One ethical issue I found appalling in Brawley’s book was how the patient so easily influenced a physician to give unnecessary treatment upon the patient’s persistence even though it was against standards and evidence-based practice. Brawley sounds throughout his book that more is not better. Debbie Kurtz fears return of cancer and contacts several doctors about receiving more treatment for Dukes’ A colon cancer. Debbie received all proper treatment based on the most current medical evidence for Dukes’ A colon cancer. Debbie disregards this information, one doctor chooses to give her treatment based on the thought that if he did not someone else would, and the insurance pays for this unnecessary treatment due to limited information. Even though Debbie had surgery to remove the cancer and a clean post-op pathology report she chooses to do harm to herself. Providers should practice with the best interest of the patient in mind even if that means telling a patient NO, to ensure they are doing no harm.
Brawley addresses the culture issues of the African American population’s fear of medicine and physicians during his time. These fears derived from exclusion of the system, past unregulated trails that caused many deaths of African Americans, and fear that was conceived because they felt doctors were only practicing on them and really had no clue how to treat them. These outlooks produced distrust, suspicion, and skepticism for the system.

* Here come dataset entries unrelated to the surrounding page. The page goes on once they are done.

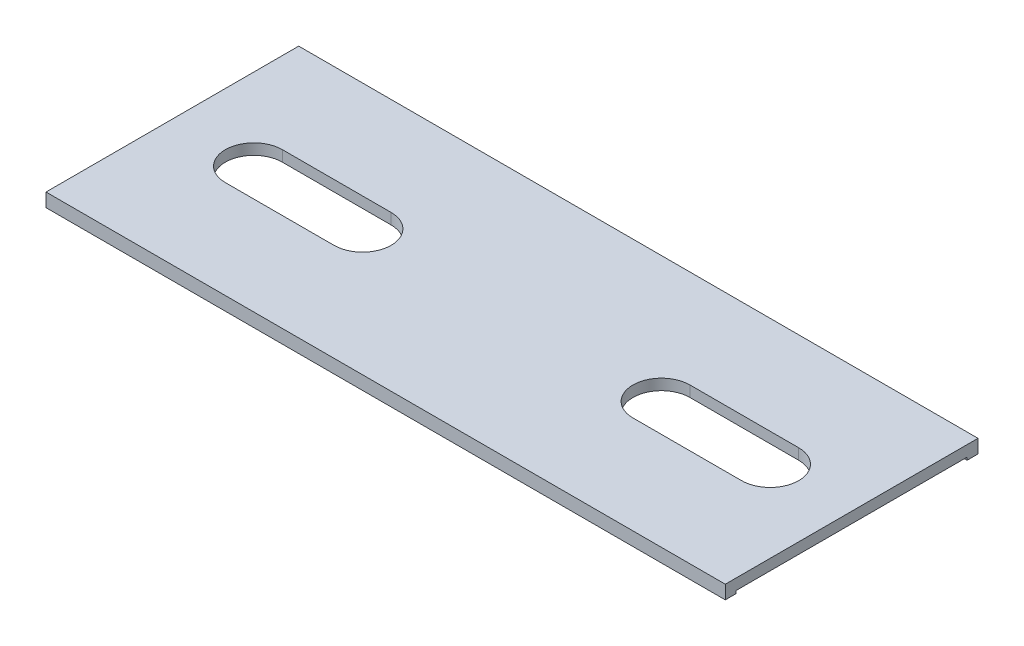
SolidWorks part; units mm, degrees
ref_plane "Front Plane" through (0, 0, 0) normal (0, 0, 1) x (1, 0, 0)
ref_plane "Top Plane" through (0, 0, 0) normal (0, 1, 0) x (1, 0, 0)
ref_plane "Right Plane" through (0, 0, 0) normal (1, 0, 0) x (0, 0, -1)
sketch "Sketch3" plane through (0, 0, 0) normal (1, 0, 0) x (0, 0, -1)
  line L0 (0, 0) -> (23.622, 0)
  line L1 (23.622, 0) -> (23.622, -1.27)
  line L2 (0, 0) -> (0, -1.27)
  line L3 (0, -1.27) -> (1.016, -1.27)
  line L4 (1.016, -1.27) -> (1.016, -1.016)
  line L5 (1.016, -1.016) -> (22.606, -1.016)
  line L6 (22.606, -1.016) -> (22.606, -1.27)
  line L7 (22.606, -1.27) -> (23.622, -1.27)
  dimension "D1" = 23.622
  dimension "D2" = 1.27
  dimension "D3" = 1.27
  dimension "D4" = 1.016
  dimension "D5" = 0.254
  dimension "D6" = 1.016
extrude "Boss-Extrude1" add sketch "Sketch3" along normal blind 63.5
sketch "Sketch4" plane through (0, 0, 0) normal (0, 1, 0) x (1, 0, 0)
  line L0 (0, 11.811) -> (7.62, 11.811) construction
  line L1 (0, 23.622) -> (0, 0) construction
  line L2 (63.5, 23.622) -> (63.5, 0) construction
  line L3 (55.88, 11.811) -> (63.5, 11.811) construction
  line L5 (7.62, 14.478) -> (17.78, 14.478)
  line L6 (7.62, 9.144) -> (17.78, 9.144)
  line L7 (45.72, 9.144) -> (55.88, 9.144)
  line L8 (45.72, 14.478) -> (55.88, 14.478)
  line L9 (17.78, 11.811) -> (43.053, 11.811) construction
  arc A0 (7.62, 14.478) -> (7.62, 9.144) centre (7.62, 11.811) ccw
  arc A1 (55.88, 9.144) -> (55.88, 14.478) centre (55.88, 11.811) ccw
  arc A2 (17.78, 9.144) -> (17.78, 14.478) centre (17.78, 11.811) ccw
  arc A3 (45.72, 14.478) -> (45.72, 9.144) centre (45.72, 11.811) ccw
  dimension "D1" = 5.334
  dimension "D2" = 5.334
  dimension "D7" = 5.334
  dimension "D8" = 5.334
  dimension "D3" = 7.62
  dimension "D4" = 7.62
  dimension "D5" = 10.16
  dimension "D6" = 10.16
extrude "Cut-Extrude1" cut sketch "Sketch4" against normal through all

One health policy issue that stands out the most to me in Brawley’s book is the health disparities gap. He addresses the difficulty to attain good health based on economic status, race, and gender. He gives many examples of how Grady Hospital takes the uninsured, desperate, unwanted patients that have such poor health outcomes due to disparities. Edna Riggs admits she delayed seeking medical attention due to fear of dying and lack of insurance. APRN’s can be great mediators to policy makers to help reduce the gap in health disparities through bills and legislation that address social determinants of health that are directed at purging health disparities among underserved populations like Edna Riggs.
In conclusion, Brawley emphasizes that it absolutely takes more than one person, it requires everyone to be fed-up with the system. As healthcare professionals on all levels work together it demands methods to be deliberate, calls team members to have a clear role, to back each other up, and notice errors or weaknesses with the current way things are performed. For policies and standards, health resources and promotion, and health care as a whole; to be successful, the collaboration of all healthcare professionals within the health scope are needed to make decisions based on a reliable solid evidence-based science and a decision that is consistent. There is no better approach than for all healthcare professionals to join forces to recognize and reorganize the weakness of policies, standards, and medical unprofessionalism, that leads to increased cost, overtreatment or undertreatment, and a further increase in the gap among health disparities.